TASK INSTRUCTIONS: In the copy, keep the lines from the first line of the material below through the line containing "doc.units = 0" exactly as they are, and include no pictures.

******

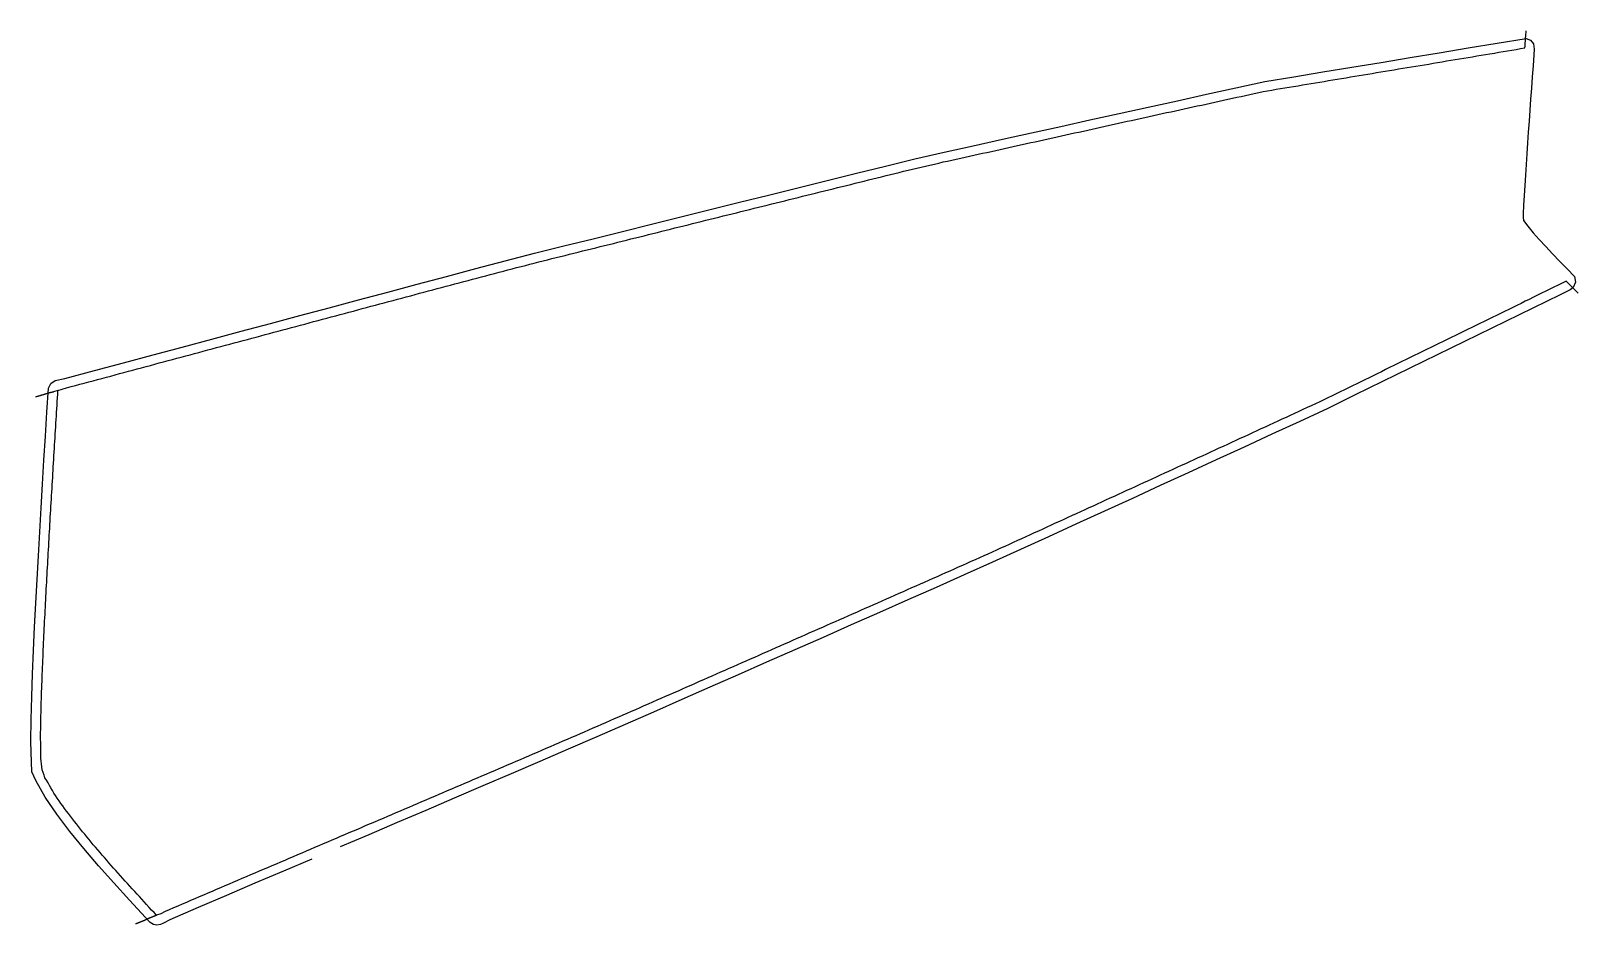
# Model space of a CAD drawing. Extents: x -2251 to 8199, y -2286 to 2329.
# Drawn here: x 7214 to 8199, y -130 to 439 of the extents above; entities that cross this region are included whole.
import ezdxf

# ---------------------------------------------------------------- set-up
doc = ezdxf.new("R2010")
doc.units = 0
doc.layers.add('1', color=1, linetype='Continuous')
doc.layers.add('8', color=4, linetype='Continuous')

# ---------------------------------------------------------------- blocks, each defined once
blk = doc.blocks.new('LEI8')
at = {"layer": '1'}
blk.add_lwpolyline([(-312.87, -240.16), (-330.98, -247.9), (-349.08, -255.64), (-367.19, -263.39), (-385.29, -271.14), (-403.37, -278.91), (-407.28, -280.97), (-409.32, -281.78), (-411.49, -282.22), (-413.77, -281.83), (-415.74, -280.65), (-418.81, -277.38), (-428.97, -266.39), (-438.93, -255.42), (-448.61, -244.43), (-458, -233.51), (-466.88, -222.56), (-475.24, -211.71), (-482.72, -200.87), (-488.59, -190.1), (-491.08, -184.71), (-491.32, -178.5), (-491.71, -165.34), (-491.62, -151.28), (-491.18, -136.86), (-490.66, -122.16), (-490.06, -107.31), (-489.35, -92.35), (-488.59, -77.31), (-487.8, -62.21), (-486.97, -47.06), (-486.11, -31.87), (-485.22, -16.65), (-484.32, -1.42), (-483.41, 13.83), (-482.48, 29.1), (-481.54, 44.37), (-480.55, 59.68), (-479.09, 62.68), (-476.28, 64.49), (-470.03, 65.81), (-451.35, 70.81), (-432.68, 75.82), (-414, 80.82), (-395.33, 85.83), (-376.65, 90.84), (-357.97, 95.84), (-339.28, 100.85), (-320.6, 105.85), (-301.91, 110.85), (-283.21, 115.85), (-264.51, 120.84), (-245.82, 125.83), (-227.11, 130.81), (-208.41, 135.79), (-189.71, 140.76), (-171.04, 145.56), (-152.42, 150.2), (-133.8, 154.84), (-115.18, 159.48), (-96.56, 164.12), (-77.95, 168.75), (-59.33, 173.38), (-40.7, 178.01), (-22.08, 182.64), (-3.45, 187.26), (15.18, 191.88), (33.81, 196.49), (52.44, 201.1), (71.08, 205.7), (89.66, 209.93), (108.22, 214.04), (126.78, 218.14), (145.34, 222.24), (163.9, 226.34), (182.45, 230.43), (201.02, 234.53), (219.58, 238.62), (238.15, 242.7), (256.72, 246.78), (275.29, 250.85), (293.86, 254.82), (312.35, 257.9), (330.84, 260.97), (349.33, 264.04), (367.81, 267.11), (386.29, 270.18), (404.77, 273.25), (423.25, 276.33), (441.73, 279.41), (460.19, 282.22), (462.9, 281.17), (464.79, 278.93), (465.36, 275.45), (465.11, 271.98), (464.59, 264.9), (464.07, 257.83), (463.56, 250.77), (463.05, 243.73), (462.55, 236.7), (462.05, 229.7), (461.56, 222.73), (461.08, 215.79), (460.61, 208.91), (460.15, 202.08), (459.71, 195.35), (459.3, 188.74), (458.94, 182.32), (458.61, 176.19), (458.41, 170.71), (458.25, 168.37), (458.61, 166.49), (461.24, 162.75), (464.61, 158.63), (468.48, 154.28), (472.65, 149.76), (477.06, 145.13), (481.64, 140.4), (486.35, 135.61), (490.96, 130.67), (491.71, 127.07), (490.22, 123.73), (488.28, 122.29), (486.11, 121.23), (481.79, 119.12), (473.15, 114.9), (455.76, 106.4), (438.37, 97.89), (420.97, 89.38), (403.58, 80.86), (386.17, 72.35), (368.76, 63.82), (351.35, 55.31), (333.91, 46.79), (316.16, 38.52), (298.39, 30.32), (280.6, 22.12), (262.82, 13.96), (245.04, 5.79), (227.27, -2.37), (209.49, -10.52), (191.71, -18.67), (173.93, -26.82), (156.13, -34.96), (138.33, -43.11), (120.47, -51.22), (102.49, -59.24), (84.5, -67.23), (66.51, -75.2), (48.52, -83.16), (30.54, -91.1), (12.55, -99.04), (-5.44, -106.98), (-23.43, -114.91), (-41.41, -122.83), (-59.41, -130.76), (-77.4, -138.69), (-95.41, -146.6), (-113.44, -154.5), (-131.52, -162.39), (-149.66, -170.25), (-167.8, -178.08), (-185.95, -185.9), (-204.1, -193.67), (-222.24, -201.43), (-240.37, -209.19), (-258.5, -216.93), (-276.63, -224.68), (-294.75, -232.42)], dxfattribs=at)
at = {"layer": '8'}
for points in [[(-474.52, 58.14), (-471.73, 58.93), (-468.98, 59.88), (-466.17, 60.62), (-463.36, 61.37), (-460.56, 62.12), (-457.75, 62.87), (-454.94, 63.63), (-452.13, 64.39), (-449.33, 65.14), (-446.52, 65.89), (-443.71, 66.64), (-440.91, 67.38), (-438.1, 68.13), (-435.29, 68.9), (-432.49, 69.66), (-429.68, 70.41), (-426.87, 71.15), (-424.06, 71.9), (-421.26, 72.65), (-418.45, 73.4), (-415.64, 74.17), (-412.84, 74.93), (-410.03, 75.7), (-407.22, 76.45), (-404.41, 77.2), (-401.61, 77.94), (-398.8, 78.69), (-395.99, 79.44), (-393.18, 80.19), (-390.38, 80.94), (-387.57, 81.69), (-384.76, 82.44), (-381.96, 83.18), (-379.15, 83.95), (-376.34, 84.71), (-373.53, 85.48), (-370.72, 86.23), (-367.91, 86.98), (-365.11, 87.73), (-362.3, 88.48), (-359.49, 89.23), (-356.68, 89.97), (-353.87, 90.72), (-351.07, 91.47), (-348.26, 92.22), (-345.45, 92.97), (-342.64, 93.73), (-339.83, 94.49), (-337.02, 95.24), (-334.22, 95.99), (-331.41, 96.74), (-328.6, 97.48), (-325.79, 98.23), (-322.98, 99), (-320.17, 99.75), (-317.36, 100.5), (-314.56, 101.25), (-311.75, 102), (-308.94, 102.75), (-306.13, 103.5), (-303.32, 104.27), (-300.51, 105.03), (-297.7, 105.79), (-294.89, 106.54), (-292.08, 107.29), (-289.27, 108.04), (-286.46, 108.78), (-283.65, 109.53), (-280.84, 110.28), (-278.03, 111.02), (-275.22, 111.77), (-272.41, 112.52), (-269.6, 113.26), (-266.79, 114.03), (-263.98, 114.78), (-261.17, 115.53), (-258.36, 116.27), (-255.55, 117.02), (-252.74, 117.77), (-249.93, 118.52), (-247.12, 119.28), (-244.31, 120.04), (-241.5, 120.8), (-238.68, 121.55), (-235.87, 122.29), (-233.06, 123.04), (-230.25, 123.78), (-227.44, 124.52), (-224.63, 125.27), (-221.82, 126.01), (-219.01, 126.76), (-216.2, 127.5), (-213.39, 128.25), (-210.57, 129.01), (-207.76, 129.76), (-204.95, 130.5), (-202.14, 131.25), (-199.33, 131.99), (-196.52, 132.73), (-193.71, 133.48), (-190.9, 134.24), (-188.09, 134.97), (-185.29, 135.69), (-182.48, 136.41), (-179.67, 137.13), (-176.87, 137.86), (-174.06, 138.59), (-171.26, 139.33), (-168.46, 140.04), (-165.66, 140.75), (-162.86, 141.44), (-160.06, 142.13), (-157.26, 142.82), (-154.47, 143.52), (-151.67, 144.22), (-148.87, 144.93), (-146.07, 145.63), (-143.27, 146.32), (-140.47, 147.01), (-137.67, 147.71), (-134.87, 148.4), (-132.08, 149.09), (-129.28, 149.78), (-126.48, 150.47), (-123.68, 151.16), (-120.88, 151.86), (-118.08, 152.56), (-115.28, 153.27), (-112.49, 153.97), (-109.69, 154.66), (-106.89, 155.35), (-104.09, 156.04), (-101.29, 156.74), (-98.49, 157.45), (-95.69, 158.15), (-92.9, 158.84), (-90.1, 159.54), (-87.3, 160.23), (-84.5, 160.95), (-81.7, 161.64), (-78.9, 162.33), (-76.1, 163.03), (-73.3, 163.72), (-70.51, 164.41), (-67.71, 165.1), (-64.91, 165.83), (-62.11, 166.52), (-59.31, 167.21), (-56.51, 167.9), (-53.71, 168.59), (-50.91, 169.28), (-48.12, 169.97), (-45.32, 170.67), (-42.52, 171.38), (-39.72, 172.09), (-36.92, 172.8), (-34.12, 173.49), (-31.32, 174.18), (-28.52, 174.87), (-25.72, 175.56), (-22.92, 176.25), (-20.12, 176.94), (-17.32, 177.63), (-14.52, 178.32), (-11.72, 179.01), (-8.92, 179.74), (-6.12, 180.43), (-3.32, 181.12), (-0.52, 181.83), (2.28, 182.53), (5.08, 183.22), (7.88, 183.91), (10.68, 184.6), (13.48, 185.29), (16.28, 185.97), (19.08, 186.66), (21.88, 187.35), (24.68, 188.04), (27.48, 188.73), (30.28, 189.43), (33.08, 190.13), (35.88, 190.82), (38.68, 191.51), (41.48, 192.2), (44.28, 192.89), (47.08, 193.61), (49.88, 194.29), (52.68, 194.98), (55.48, 195.67), (58.28, 196.39), (61.09, 197.08), (63.89, 197.76), (66.69, 198.45), (69.49, 199.13), (72.28, 199.79), (75.08, 200.43), (77.87, 201.07), (80.66, 201.7), (83.46, 202.38), (86.25, 203.02), (89.04, 203.66), (91.83, 204.27), (94.62, 204.88), (97.41, 205.49), (100.2, 206.1), (102.99, 206.75), (105.78, 207.37), (108.57, 207.98), (111.36, 208.59), (114.15, 209.2), (116.94, 209.81), (119.73, 210.42), (122.52, 211.07), (125.31, 211.68), (128.09, 212.29), (130.88, 212.9), (133.68, 213.55), (136.47, 214.16), (139.25, 214.77), (142.04, 215.38), (144.83, 215.99), (147.62, 216.6), (150.41, 217.21), (153.2, 217.82), (155.99, 218.43), (158.78, 219.08), (161.57, 219.69), (164.36, 220.3), (167.15, 220.91), (169.94, 221.52), (172.73, 222.13), (175.51, 222.73), (178.31, 223.39), (181.1, 224), (183.88, 224.6), (186.67, 225.21), (189.47, 225.87), (192.26, 226.48), (195.05, 227.09), (197.83, 227.69), (200.62, 228.3), (203.41, 228.94), (206.21, 229.56), (209, 230.17), (211.78, 230.78), (214.57, 231.39), (217.36, 232), (220.15, 232.6), (222.94, 233.21), (225.74, 233.86), (228.53, 234.47), (231.32, 235.08), (234.11, 235.68), (236.9, 236.29), (239.69, 236.9), (242.48, 237.5), (245.27, 238.11), (248.06, 238.72), (250.85, 239.32), (253.64, 239.95), (256.43, 240.58), (259.23, 241.21), (262.02, 241.83), (264.81, 242.44), (267.6, 243.04), (270.39, 243.65), (273.18, 244.25), (275.97, 244.86), (278.77, 245.46), (281.56, 246.06), (284.35, 246.67), (287.14, 247.27), (289.93, 247.88), (292.72, 248.51), (295.5, 249.01), (298.28, 249.46), (301.07, 249.98), (303.85, 250.44), (306.63, 250.89), (309.4, 251.34), (312.18, 251.8), (314.96, 252.25), (317.74, 252.7), (320.52, 253.15), (323.3, 253.6), (326.08, 254.12), (328.86, 254.57), (331.64, 255.02), (334.41, 255.47), (337.19, 255.93), (339.97, 256.38), (342.75, 256.83), (345.53, 257.34), (348.31, 257.79), (351.08, 258.25), (353.86, 258.7), (356.64, 259.15), (359.42, 259.6), (362.19, 260.05), (364.98, 260.57), (367.75, 261.03), (370.53, 261.52), (373.31, 261.99), (376.09, 262.44), (378.87, 262.89), (381.64, 263.34), (384.42, 263.79), (387.2, 264.25), (389.97, 264.7), (392.75, 265.15), (395.53, 265.6), (398.3, 266.06), (401.08, 266.53), (403.86, 267.02), (406.64, 267.51), (409.42, 267.99), (412.2, 268.45), (414.97, 268.9), (417.75, 269.35), (420.53, 269.8), (423.3, 270.26), (426.08, 270.71), (428.86, 271.16), (431.63, 271.61), (434.41, 272.07), (437.19, 272.53), (439.96, 273.02), (442.74, 273.5), (445.52, 273.97), (448.3, 274.44), (451.08, 274.91), (453.85, 275.37), (456.63, 275.84), (459.41, 276.27), (459.49, 277.36), (459.57, 278.44), (459.65, 279.53), (459.73, 280.61), (459.81, 281.7), (459.89, 282.78), (459.97, 283.87), (460.05, 284.95), (460.13, 286.03), (460.21, 287.12)], [(493.25, 120.22), (492.49, 120.97), (491.74, 121.73), (490.98, 122.48), (490.22, 123.24), (489.47, 124), (488.71, 124.75), (487.95, 125.51), (487.2, 126.26), (486.47, 126.98), (485.74, 127.72), (483.12, 126.44), (480.5, 125.17), (477.88, 123.89), (475.28, 122.6), (472.66, 121.33), (470.05, 120.05), (467.42, 118.78), (464.81, 117.5), (462.21, 116.21), (459.59, 114.94), (456.97, 113.66), (454.36, 112.39), (451.74, 111.11), (449.14, 109.81), (446.52, 108.54), (443.9, 107.27), (441.28, 105.99), (438.67, 104.71), (436.05, 103.43), (433.44, 102.16), (430.82, 100.88), (428.2, 99.6), (425.59, 98.32), (422.97, 97.04), (420.36, 95.76), (417.74, 94.48), (415.13, 93.2), (412.52, 91.92), (409.9, 90.64), (407.28, 89.36), (404.67, 88.08), (402.04, 86.82), (399.44, 85.52), (396.83, 84.23), (394.21, 82.95), (391.59, 81.67), (388.98, 80.4), (386.36, 79.12), (383.74, 77.84), (381.14, 76.55), (378.52, 75.27), (375.9, 73.99), (373.28, 72.71), (370.66, 71.43), (368.05, 70.14), (365.43, 68.86), (362.83, 67.57), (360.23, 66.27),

******

EXERCISE SOLUTION:
# Model space of a CAD drawing. Extents: x -2251 to 8199, y -2286 to 2329.
# Drawn here: x 7214 to 8199, y -130 to 439 of the extents above; entities that cross this region are included whole.
import ezdxf

# ---------------------------------------------------------------- set-up
doc = ezdxf.new("R2010")
doc.units = 0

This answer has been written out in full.